SkillNet: Hierarchical Skill Modeling for Compositional Generalization in Vision-Language Action Models
Abstract
Transfer across diverse task compositions and unseen behaviors remains a significant challenge for vision-language action (VLA) models. Skills are repeatable and atomic components for various tasks, and similarities shared with different skills provide evidence for transferability across behaviors. However, existing skill-centric methods have two problems. First, skills are often loosely organized, lacking a hierarchy that can capture similarities and differences across skills. Second, they lack a mechanism which has the capacity to express transferable skill attributes in a structured parametric space. To this end, we propose SkillNet, which models skill attributes in a hierarchical way and regulates compositional model structure with transferable skill attributes. SkillNet exploits motion code and VerbNet Framework to explicitly model similarities of skills on mechanical properties and semantic roles, and organizes skills in a hierarchical way.
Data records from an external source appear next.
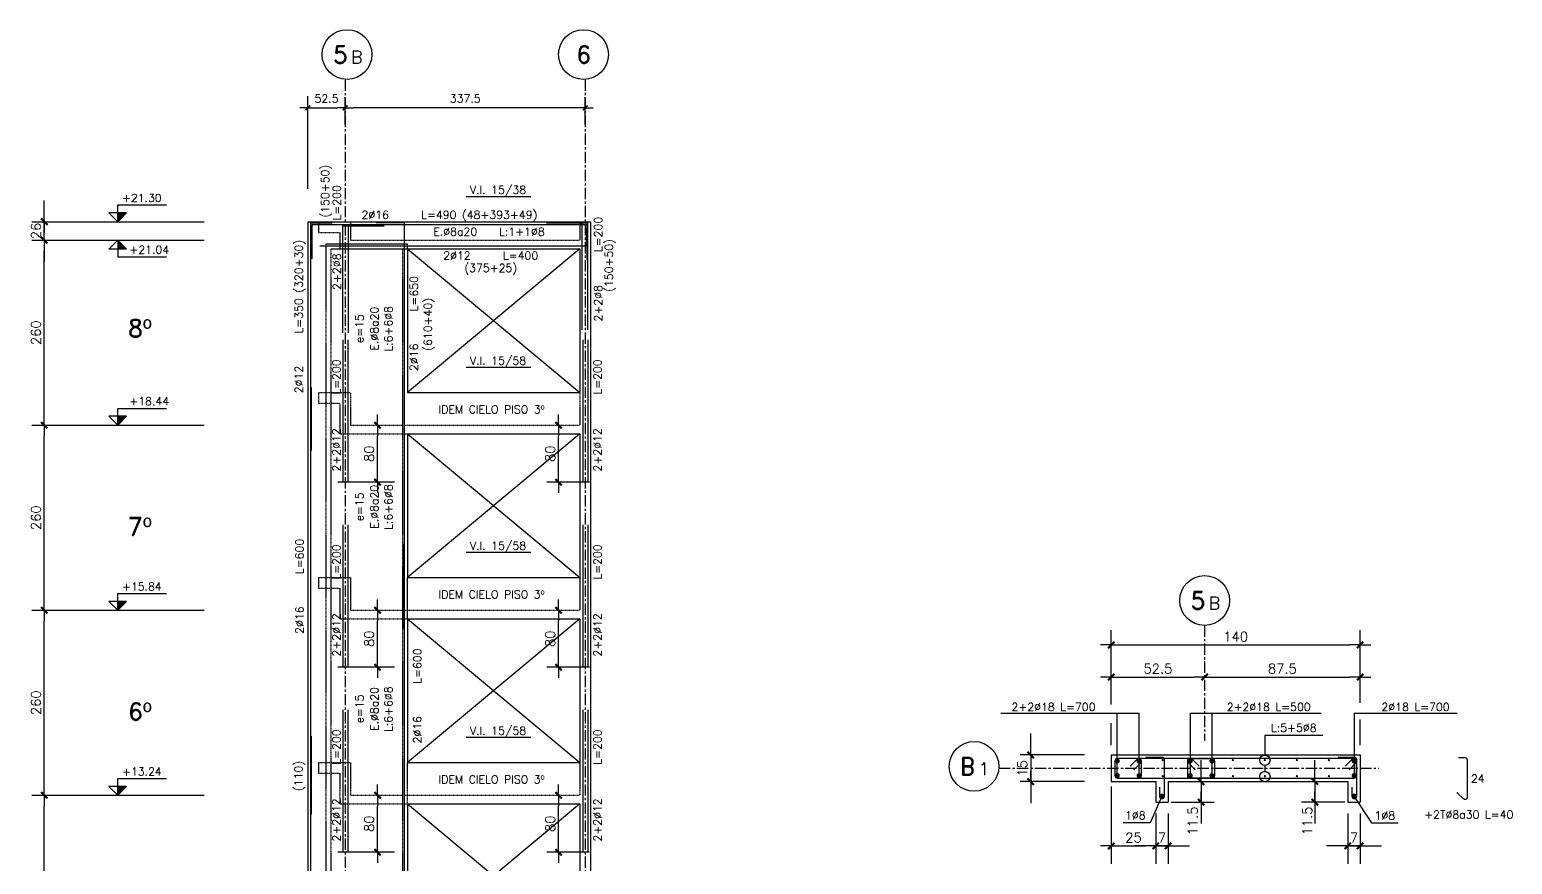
# Model space of a CAD drawing. Header units: millimetres. Extents: x 7459 to 12214, y -1151 to 2331.
# Drawn here: x 10129 to 12214, y 1033 to 2206 of the extents above; entities that cross this region are included whole.
import ezdxf
from ezdxf.enums import TextEntityAlignment as Align

# ---------------------------------------------------------------- set-up
doc = ezdxf.new("R2010")
doc.units = ezdxf.units.MM
doc.header["$LTSCALE"] = 0.5
doc.linetypes.add('CENTER', pattern=[50.8, 31.75, -6.35, 6.35, -6.35])
doc.linetypes.add('DASHED', pattern=[0.75, 0.5, -0.25])
for name, color, linetype in [('A-LINEA 015', 6, 'Continuous'), ('CONTORNOS', 3, 'Continuous'), ('CORTES', 5, 'Continuous'), ('COTAS1', 2, 'Continuous'), ('Cotas2', 1, 'Continuous'), ('EJES', 1, 'CENTER'), ('fe', 7, 'Continuous'), ('NIVELES', 3, 'Continuous'), ('SEGMENTOS1', 2, 'DASHED'), ('TEXTOS-SM', 3, 'Continuous'), ('TEXTOS1', 9, 'Continuous'), ('textos2', 2, 'Continuous'), ('VANOS', 1, 'Continuous')]:
    doc.layers.add(name, color=color, linetype=linetype)
doc.styles.add('ROMAND', font='romand')
doc.styles.add('ROMANS', font='romans')
doc.styles.add('ROMANS0', font='romans.shx')
doc.dimstyles.new('ING-50', dxfattribs={"dimscale": 5, "dimtxt": 2.25, "dimasz": 2.25, "dimexe": 3, "dimexo": 0, "dimgap": 1.5, "dimtad": 1, "dimdec": 1, "dimzin": 12, "dimdsep": 46, "dimtxsty": 'ROMANS', "dimblk1": 'TICK1', "dimblk2": 'TICK1', "dimsah": 1, "dimcen": 0.09, "dimclrd": 2, "dimclre": 1, "dimclrt": 3, "dimadec": 1, "dimazin": 3, "dimtfac": 1, "dimtdec": 1, "dimtix": 1, "dimtmove": 2, "dimatfit": 3, "dimfxl": 3, "dimtolj": 1, "dimtzin": 12, "dimarcsym": 0})
doc.dimstyles.new('ING20', dxfattribs={"dimscale": 50, "dimtxt": 0.27, "dimasz": 0.3, "dimexe": 0.3, "dimexo": 1, "dimgap": 0.1, "dimtad": 1, "dimlfac": 0.4, "dimzin": 12, "dimdsep": 46, "dimtxsty": 'ROMANS', "dimblk1": 'TICK1', "dimblk2": 'TICK1', "dimsah": 1, "dimcen": 0.09, "dimse1": 1, "dimse2": 1, "dimclrd": 2, "dimclre": 1, "dimclrt": 3, "dimadec": 0, "dimazin": 0, "dimtfac": 1, "dimtix": 1, "dimtmove": 2, "dimatfit": 3, "dimldrblk": 'TICK1', "dimfxl": 1, "dimtolj": 1, "dimtzin": 12, "dimarcsym": 0})
doc.dimstyles.new('ING50', dxfattribs={"dimscale": 50, "dimtxt": 0.27, "dimasz": 0.3, "dimexe": 0.2, "dimexo": 1, "dimgap": 0.1, "dimtad": 1, "dimzin": 12, "dimdsep": 46, "dimtxsty": 'ROMANS', "dimblk1": 'TICK1', "dimblk2": 'TICK1', "dimsah": 1, "dimcen": 0.09, "dimse1": 1, "dimse2": 1, "dimclrd": 2, "dimclre": 4, "dimclrt": 3, "dimadec": 0, "dimazin": 0, "dimtfac": 1, "dimtix": 1, "dimtmove": 2, "dimatfit": 3, "dimldrblk": 'TICK1', "dimfxl": 1, "dimtolj": 1, "dimtzin": 12, "dimarcsym": 0})

# ---------------------------------------------------------------- blocks, each defined once
blk = doc.blocks.new('EJE-1')
at = {"color": 3, "linetype": 'Continuous'}
blk.add_circle((0, 0), 35, dxfattribs=at)
at = {"color": 5, "linetype": 'Continuous', "style": 'ROMAND'}
blk.add_attdef('0', text='', height=25, dxfattribs=at).set_placement((0.2, 0), align=Align.MIDDLE)
blk = doc.blocks.new('TICK1')
at = {"color": 2}
for points in [[(0, 0), (-1, 0)], [(0, 0), (1, 0)]]:
    blk.add_lwpolyline(points, dxfattribs=at)
at = {"color": 2, "const_width": 0.2}
blk.add_lwpolyline([(-0.3, -0.3), (0.3, 0.3)], dxfattribs=at)
blk = doc.blocks.new('*D33')
at = {"layer": 'COTAS1', "color": 2, "lineweight": -2}
blk.add_line((10149.3, 885.3), (10149.3, 1115.3), dxfattribs=at)
at = {"layer": 'Defpoints', "color": 0}
for p in [(10149.3, 1130.3), (10160.9, 1130.3), (10160.9, 870.3)]:
    blk.add_point(p, dxfattribs=at)
at = {"layer": 'COTAS1', "color": 2, "lineweight": -2, "xscale": 15, "yscale": 15, "zscale": 15}
for p, rotation in [((10149.3, 1130.3), 90), ((10149.3, 870.3), 270)]:
    blk.add_blockref('TICK1', p, dxfattribs=dict(at, rotation=rotation))
at = {"layer": 'COTAS1', "color": 3, "insert": (10137.6, 1000.3), "char_height": 13.5, "attachment_point": 5, "rotation": 90, "style": 'ROMANS'}
blk.add_mtext('\\A1;260', dxfattribs=at)
blk = doc.blocks.new('nivel-el')
at = {"linetype": 'Continuous'}
blk.add_hatch(color=1, dxfattribs=at).paths.add_polyline_path([(0, 0), (12.5, 12.5), (0, 12.5)])
at = {"color": 3}
blk.add_lwpolyline([(0, 0), (12.5, 12.5), (0, 12.5), (-12.5, 12.5), (0, 0), (0, 12.5), (0, 23.6), (68.4, 23.6)], dxfattribs=at)
at = {"color": 3, "style": 'ROMANS'}
blk.add_attdef('%%P0.00', text='', height=11.2, dxfattribs=at).set_placement((34, 27.7), align=Align.CENTER)
blk = doc.blocks.new('*D34')
at = {"layer": 'COTAS1', "color": 2, "lineweight": -2}
blk.add_line((10149.3, 1145.3), (10149.3, 1375.3), dxfattribs=at)
at = {"layer": 'Defpoints', "color": 0}
for p in [(10149.3, 1390.3), (10160.9, 1390.3), (10160.9, 1130.3)]:
    blk.add_point(p, dxfattribs=at)
at = {"layer": 'COTAS1', "color": 2, "lineweight": -2, "xscale": 15, "yscale": 15, "zscale": 15}
for p, rotation in [((10149.3, 1390.3), 90), ((10149.3, 1130.3), 270)]:
    blk.add_blockref('TICK1', p, dxfattribs=dict(at, rotation=rotation))
at = {"layer": 'COTAS1', "color": 3, "insert": (10137.6, 1260.3), "char_height": 13.5, "attachment_point": 5, "rotation": 90, "style": 'ROMANS'}
blk.add_mtext('\\A1;260', dxfattribs=at)
blk = doc.blocks.new('eje-3')
at = {"color": 3, "linetype": 'Continuous'}
blk.add_circle((0, 0), 35, dxfattribs=at)
at = {"color": 5, "linetype": 'Continuous', "style": 'ROMAND'}
for height, p in [(25, (-9.2, 0)), (18, (13.7, -3.6))]:
    blk.add_attdef('0', text='', height=height, dxfattribs=at).set_placement(p, align=Align.MIDDLE)
blk = doc.blocks.new('*D35')
at = {"layer": 'Defpoints', "color": 0, "ltscale": 0.5}
for p in [(10572.5, 2096.3), (10572.5, 2072.9), (10910, 2072.9)]:
    blk.add_point(p, dxfattribs=at)
at = {"layer": 'TEXTOS1', "color": 1, "lineweight": -2, "ltscale": 0.5}
for p, q in [((10572.5, 2072.9), (10572.5, 2111.3)), ((10910, 2072.9), (10910, 2111.3))]:
    blk.add_line(p, q, dxfattribs=at)
at = {"layer": 'TEXTOS1', "color": 2, "lineweight": -2, "ltscale": 0.5}
blk.add_line((10898.7, 2096.3), (10583.7, 2096.3), dxfattribs=at)
at = {"layer": 'TEXTOS1', "color": 2, "lineweight": -2, "ltscale": 0.5, "xscale": 11.25, "yscale": 11.25, "zscale": 11.25, "rotation": 180}
blk.add_blockref('TICK1', (10572.5, 2096.3), dxfattribs=at)
at = {"layer": 'TEXTOS1', "color": 2, "lineweight": -2, "ltscale": 0.5, "xscale": 11.25, "yscale": 11.25, "zscale": 11.25}
blk.add_blockref('TICK1', (10910, 2096.3), dxfattribs=at)
at = {"layer": 'TEXTOS1', "color": 3, "ltscale": 0.5, "insert": (10741.2, 2109.4), "char_height": 11.25, "attachment_point": 5, "style": 'ROMANS'}
blk.add_mtext('\\A1;337.5', dxfattribs=at)
blk = doc.blocks.new('*D36')
at = {"layer": 'Cotas2', "color": 1, "lineweight": -2}
for p, q in [((10520, 2072.9), (10520, 2111.3)), ((10572.5, 2072.9), (10572.5, 2111.3))]:
    blk.add_line(p, q, dxfattribs=at)
at = {"layer": 'Cotas2', "color": 2, "lineweight": -2}
blk.add_line((10531.2, 2096.3), (10561.2, 2096.3), dxfattribs=at)
at = {"layer": 'Defpoints', "color": 0}
for p in [(10572.5, 2096.3), (10520, 2072.9), (10572.5, 2072.9)]:
    blk.add_point(p, dxfattribs=at)
at = {"layer": 'Cotas2', "color": 2, "lineweight": -2, "xscale": 11.25, "yscale": 11.25, "zscale": 11.25, "rotation": 180}
blk.add_blockref('TICK1', (10520, 2096.3), dxfattribs=at)
at = {"layer": 'Cotas2', "color": 2, "lineweight": -2, "xscale": 11.25, "yscale": 11.25, "zscale": 11.25}
blk.add_blockref('TICK1', (10572.5, 2096.3), dxfattribs=at)
at = {"layer": 'Cotas2', "color": 3, "insert": (10546.2, 2109.4), "char_height": 11.25, "attachment_point": 5, "style": 'ROMANS'}
blk.add_mtext('\\A1;52.5', dxfattribs=at)
blk = doc.blocks.new('*D23')
at = {"layer": 'COTAS1', "color": 2, "lineweight": -2}
blk.add_line((10617.9, 1065.3), (10617.9, 1115.3), dxfattribs=at)
at = {"layer": 'Defpoints', "color": 0}
for p in [(10617.9, 1130.3), (10629.5, 1130.3), (10629.5, 1050.3)]:
    blk.add_point(p, dxfattribs=at)
at = {"layer": 'COTAS1', "color": 2, "lineweight": -2, "xscale": 15, "yscale": 15, "zscale": 15}
for p, rotation in [((10617.9, 1130.3), 90), ((10617.9, 1050.3), 270)]:
    blk.add_blockref('TICK1', p, dxfattribs=dict(at, rotation=rotation))
at = {"layer": 'COTAS1', "color": 3, "insert": (10606.1, 1090.3), "char_height": 13.5, "attachment_point": 5, "rotation": 90, "style": 'ROMANS'}
blk.add_mtext('\\A1;80', dxfattribs=at)
blk = doc.blocks.new('*D95')
at = {"layer": 'COTAS1', "color": 2, "lineweight": -2}
blk.add_line((10617.9, 1325.3), (10617.9, 1375.3), dxfattribs=at)
at = {"layer": 'Defpoints', "color": 0}
for p in [(10617.9, 1390.3), (10629.5, 1390.3), (10629.5, 1310.3)]:
    blk.add_point(p, dxfattribs=at)
at = {"layer": 'COTAS1', "color": 2, "lineweight": -2, "xscale": 15, "yscale": 15, "zscale": 15}
for p, rotation in [((10617.9, 1390.3), 90), ((10617.9, 1310.3), 270)]:
    blk.add_blockref('TICK1', p, dxfattribs=dict(at, rotation=rotation))
at = {"layer": 'COTAS1', "color": 3, "insert": (10606.1, 1350.3), "char_height": 13.5, "attachment_point": 5, "rotation": 90, "style": 'ROMANS'}
blk.add_mtext('\\A1;80', dxfattribs=at)
blk = doc.blocks.new('*D92')
at = {"layer": 'COTAS1', "color": 2, "lineweight": -2}
blk.add_line((10872.5, 1325.3), (10872.5, 1375.3), dxfattribs=at)
at = {"layer": 'Defpoints', "color": 0}
for p in [(10872.5, 1390.3), (10884.1, 1390.3), (10884.1, 1310.3)]:
    blk.add_point(p, dxfattribs=at)
at = {"layer": 'COTAS1', "color": 2, "lineweight": -2, "xscale": 15, "yscale": 15, "zscale": 15}
for p, rotation in [((10872.5, 1390.3), 90), ((10872.5, 1310.3), 270)]:
    blk.add_blockref('TICK1', p, dxfattribs=dict(at, rotation=rotation))
at = {"layer": 'COTAS1', "color": 3, "insert": (10860.7, 1350.3), "char_height": 13.5, "attachment_point": 5, "rotation": 90, "style": 'ROMANS'}
blk.add_mtext('\\A1;80', dxfattribs=at)
blk = doc.blocks.new('*D27')
at = {"layer": 'COTAS1', "color": 2, "lineweight": -2}
blk.add_line((10872.5, 1065.3), (10872.5, 1115.3), dxfattribs=at)
at = {"layer": 'Defpoints', "color": 0}
for p in [(10872.5, 1130.3), (10884.1, 1130.3), (10884.1, 1050.3)]:
    blk.add_point(p, dxfattribs=at)
at = {"layer": 'COTAS1', "color": 2, "lineweight": -2, "xscale": 15, "yscale": 15, "zscale": 15}
for p, rotation in [((10872.5, 1130.3), 90), ((10872.5, 1050.3), 270)]:
    blk.add_blockref('TICK1', p, dxfattribs=dict(at, rotation=rotation))
at = {"layer": 'COTAS1', "color": 3, "insert": (10860.7, 1090.3), "char_height": 13.5, "attachment_point": 5, "rotation": 90, "style": 'ROMANS'}
blk.add_mtext('\\A1;80', dxfattribs=at)
blk = doc.blocks.new('*D72')
at = {"layer": 'CORTES', "color": 2, "lineweight": -2}
for p, q in [((11536.3, 1201.9), (11536.3, 1216.9)), ((11536.3, 1186.9), (11536.3, 1149.4)), ((11536.3, 1134.4), (11536.3, 1119.4))]:
    blk.add_line(p, q, dxfattribs=at)
at = {"layer": 'Defpoints', "color": 0}
for p in [(11536.3, 1186.9), (11536.3, 1149.4), (11536.3, 1149.4)]:
    blk.add_point(p, dxfattribs=at)
at = {"layer": 'CORTES', "color": 2, "lineweight": -2, "xscale": 15, "yscale": 15, "zscale": 15}
for p, rotation in [((11536.3, 1186.9), 270), ((11536.3, 1149.4), 90)]:
    blk.add_blockref('TICK1', p, dxfattribs=dict(at, rotation=rotation))
at = {"layer": 'CORTES', "color": 3, "insert": (11524.5, 1168.2), "char_height": 13.5, "attachment_point": 5, "rotation": 90, "style": 'ROMANS'}
blk.add_mtext('\\A1;15', dxfattribs=at)
blk = doc.blocks.new('*D74')
at = {"layer": 'CORTES', "color": 2, "lineweight": -2}
blk.add_line((11795.9, 1296.5), (11984.6, 1296.5), dxfattribs=at)
at = {"layer": 'Defpoints', "color": 0}
for p in [(11780.9, 1296.5), (11999.6, 1296.5), (11999.6, 1296.5)]:
    blk.add_point(p, dxfattribs=at)
at = {"layer": 'CORTES', "color": 2, "lineweight": -2, "xscale": 15, "yscale": 15, "zscale": 15, "rotation": 180}
blk.add_blockref('TICK1', (11780.9, 1296.5), dxfattribs=at)
at = {"layer": 'CORTES', "color": 2, "lineweight": -2, "xscale": 15, "yscale": 15, "zscale": 15}
blk.add_blockref('TICK1', (11999.6, 1296.5), dxfattribs=at)
at = {"layer": 'CORTES', "color": 3, "insert": (11890.2, 1308.2), "char_height": 13.5, "attachment_point": 5, "style": 'ROMANS'}
blk.add_mtext('\\A1;87.5', dxfattribs=at)
blk = doc.blocks.new('*D75')
at = {"layer": 'CORTES', "color": 2, "lineweight": -2}
blk.add_line((11664.6, 1296.5), (11765.9, 1296.5), dxfattribs=at)
at = {"layer": 'Defpoints', "color": 0}
for p in [(11649.6, 1296.5), (11780.9, 1296.5), (11780.9, 1296.5)]:
    blk.add_point(p, dxfattribs=at)
at = {"layer": 'CORTES', "color": 2, "lineweight": -2, "xscale": 15, "yscale": 15, "zscale": 15, "rotation": 180}
blk.add_blockref('TICK1', (11649.6, 1296.5), dxfattribs=at)
at = {"layer": 'CORTES', "color": 2, "lineweight": -2, "xscale": 15, "yscale": 15, "zscale": 15}
blk.add_blockref('TICK1', (11780.9, 1296.5), dxfattribs=at)
at = {"layer": 'CORTES', "color": 3, "insert": (11715.2, 1308.2), "char_height": 13.5, "attachment_point": 5, "style": 'ROMANS'}
blk.add_mtext('\\A1;52.5', dxfattribs=at)
blk = doc.blocks.new('*D73')
at = {"layer": 'CORTES', "color": 2, "lineweight": -2}
blk.add_line((11664.6, 1341.5), (11984.6, 1341.5), dxfattribs=at)
at = {"layer": 'Defpoints', "color": 0}
for p in [(11649.6, 1341.5), (11999.6, 1341.5), (11999.6, 1341.5)]:
    blk.add_point(p, dxfattribs=at)
at = {"layer": 'CORTES', "color": 2, "lineweight": -2, "xscale": 15, "yscale": 15, "zscale": 15, "rotation": 180}
blk.add_blockref('TICK1', (11649.6, 1341.5), dxfattribs=at)
at = {"layer": 'CORTES', "color": 2, "lineweight": -2, "xscale": 15, "yscale": 15, "zscale": 15}
blk.add_blockref('TICK1', (11999.6, 1341.5), dxfattribs=at)
at = {"layer": 'CORTES', "color": 3, "insert": (11824.6, 1353.2), "char_height": 13.5, "attachment_point": 5, "style": 'ROMANS'}
blk.add_mtext('\\A1;140', dxfattribs=at)
blk = doc.blocks.new('*D76')
at = {"layer": 'CORTES', "color": 2, "lineweight": -2}
for p, q in [((11697.1, 1059.1), (11682.1, 1059.1)), ((11712.1, 1059.1), (11729.6, 1059.1)), ((11744.6, 1059.1), (11759.6, 1059.1))]:
    blk.add_line(p, q, dxfattribs=at)
at = {"layer": 'Defpoints', "color": 0}
for p in [(11712.1, 1059.1), (11729.6, 1059.1), (11729.6, 1059.1)]:
    blk.add_point(p, dxfattribs=at)
at = {"layer": 'CORTES', "color": 2, "lineweight": -2, "xscale": 15, "yscale": 15, "zscale": 15}
blk.add_blockref('TICK1', (11712.1, 1059.1), dxfattribs=at)
at = {"layer": 'CORTES', "color": 2, "lineweight": -2, "xscale": 15, "yscale": 15, "zscale": 15, "rotation": 180}
blk.add_blockref('TICK1', (11729.6, 1059.1), dxfattribs=at)
at = {"layer": 'CORTES', "color": 3, "insert": (11720.9, 1070.9), "char_height": 13.5, "attachment_point": 5, "style": 'ROMANS'}
blk.add_mtext('\\A1;7', dxfattribs=at)
blk = doc.blocks.new('*D77')
at = {"layer": 'CORTES', "color": 2, "lineweight": -2}
blk.add_line((11664.6, 1059.1), (11697.1, 1059.1), dxfattribs=at)
at = {"layer": 'Defpoints', "color": 0}
for p in [(11649.6, 1059.1), (11712.1, 1059.1), (11712.1, 1059.1)]:
    blk.add_point(p, dxfattribs=at)
at = {"layer": 'CORTES', "color": 2, "lineweight": -2, "xscale": 15, "yscale": 15, "zscale": 15, "rotation": 180}
blk.add_blockref('TICK1', (11649.6, 1059.1), dxfattribs=at)
at = {"layer": 'CORTES', "color": 2, "lineweight": -2, "xscale": 15, "yscale": 15, "zscale": 15}
blk.add_blockref('TICK1', (11712.1, 1059.1), dxfattribs=at)
at = {"layer": 'CORTES', "color": 3, "insert": (11680.9, 1070.9), "char_height": 13.5, "attachment_point": 5, "style": 'ROMANS'}
blk.add_mtext('\\A1;25', dxfattribs=at)
blk = doc.blocks.new('*D78')
at = {"layer": 'CORTES', "color": 2, "lineweight": -2}
for p, q in [((11967.1, 1059.1), (11952.1, 1059.1)), ((11982.1, 1059.1), (11999.6, 1059.1)), ((12014.6, 1059.1), (12029.6, 1059.1))]:
    blk.add_line(p, q, dxfattribs=at)
at = {"layer": 'Defpoints', "color": 0}
for p in [(11982.1, 1059.1), (11999.6, 1059.1), (11999.6, 1059.1)]:
    blk.add_point(p, dxfattribs=at)
at = {"layer": 'CORTES', "color": 2, "lineweight": -2, "xscale": 15, "yscale": 15, "zscale": 15}
blk.add_blockref('TICK1', (11982.1, 1059.1), dxfattribs=at)
at = {"layer": 'CORTES', "color": 2, "lineweight": -2, "xscale": 15, "yscale": 15, "zscale": 15, "rotation": 180}
blk.add_blockref('TICK1', (11999.6, 1059.1), dxfattribs=at)
at = {"layer": 'CORTES', "color": 3, "insert": (11990.9, 1070.9), "char_height": 13.5, "attachment_point": 5, "style": 'ROMANS'}
blk.add_mtext('\\A1;7', dxfattribs=at)
blk = doc.blocks.new('*D79')
at = {"layer": 'CORTES', "color": 2, "lineweight": -2}
for p, q in [((11775.8, 1164.4), (11775.8, 1179.4)), ((11775.8, 1149.4), (11775.8, 1120.7)), ((11775.8, 1105.7), (11775.8, 1090.7))]:
    blk.add_line(p, q, dxfattribs=at)
at = {"layer": 'Defpoints', "color": 0}
for p in [(11775.8, 1149.4), (11775.8, 1120.7), (11775.8, 1120.7)]:
    blk.add_point(p, dxfattribs=at)
at = {"layer": 'CORTES', "color": 2, "lineweight": -2, "xscale": 15, "yscale": 15, "zscale": 15}
for p, rotation in [((11775.8, 1149.4), 270), ((11775.8, 1120.7), 90)]:
    blk.add_blockref('TICK1', p, dxfattribs=dict(at, rotation=rotation))
at = {"layer": 'CORTES', "color": 3, "insert": (11764.1, 1094.1), "char_height": 13.5, "attachment_point": 5, "rotation": 90, "style": 'ROMANS'}
blk.add_mtext('\\A1;11.5', dxfattribs=at)
blk = doc.blocks.new('*D80')
at = {"layer": 'CORTES', "color": 2, "lineweight": -2}
for p, q in [((11935.9, 1164.4), (11935.9, 1179.4)), ((11935.9, 1149.4), (11935.9, 1120.7)), ((11935.9, 1105.7), (11935.9, 1090.7))]:
    blk.add_line(p, q, dxfattribs=at)
at = {"layer": 'Defpoints', "color": 0}
for p in [(11935.9, 1149.4), (11935.9, 1120.7), (11935.9, 1120.7)]:
    blk.add_point(p, dxfattribs=at)
at = {"layer": 'CORTES', "color": 2, "lineweight": -2, "xscale": 15, "yscale": 15, "zscale": 15}
for p, rotation in [((11935.9, 1149.4), 270), ((11935.9, 1120.7), 90)]:
    blk.add_blockref('TICK1', p, dxfattribs=dict(at, rotation=rotation))
at = {"layer": 'CORTES', "color": 3, "insert": (11925.2, 1094.1), "char_height": 13.5, "attachment_point": 5, "rotation": 90, "style": 'ROMANS'}
blk.add_mtext('\\A1;11.5', dxfattribs=at)
blk = doc.blocks.new('*D88')
at = {"layer": 'COTAS1', "color": 2, "lineweight": -2}
blk.add_line((10149.3, 1405.3), (10149.3, 1635.3), dxfattribs=at)
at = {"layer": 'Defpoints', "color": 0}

Based on this hierarchy, SkillNet leverages the scalability of the mixture-of-experts (MoE) mechanism and develops skill embeddings as soft constraints to enable compositional generalization via similar expert activations on similar skills. On zero-shot and few-shot transfer experiments in simulators and real-world environments, SkillNet achieves an improvement of performance by 16.0% and 23.9%. Meanwhile, SkillNet achieves state-of-the-art performance on in-domain settings.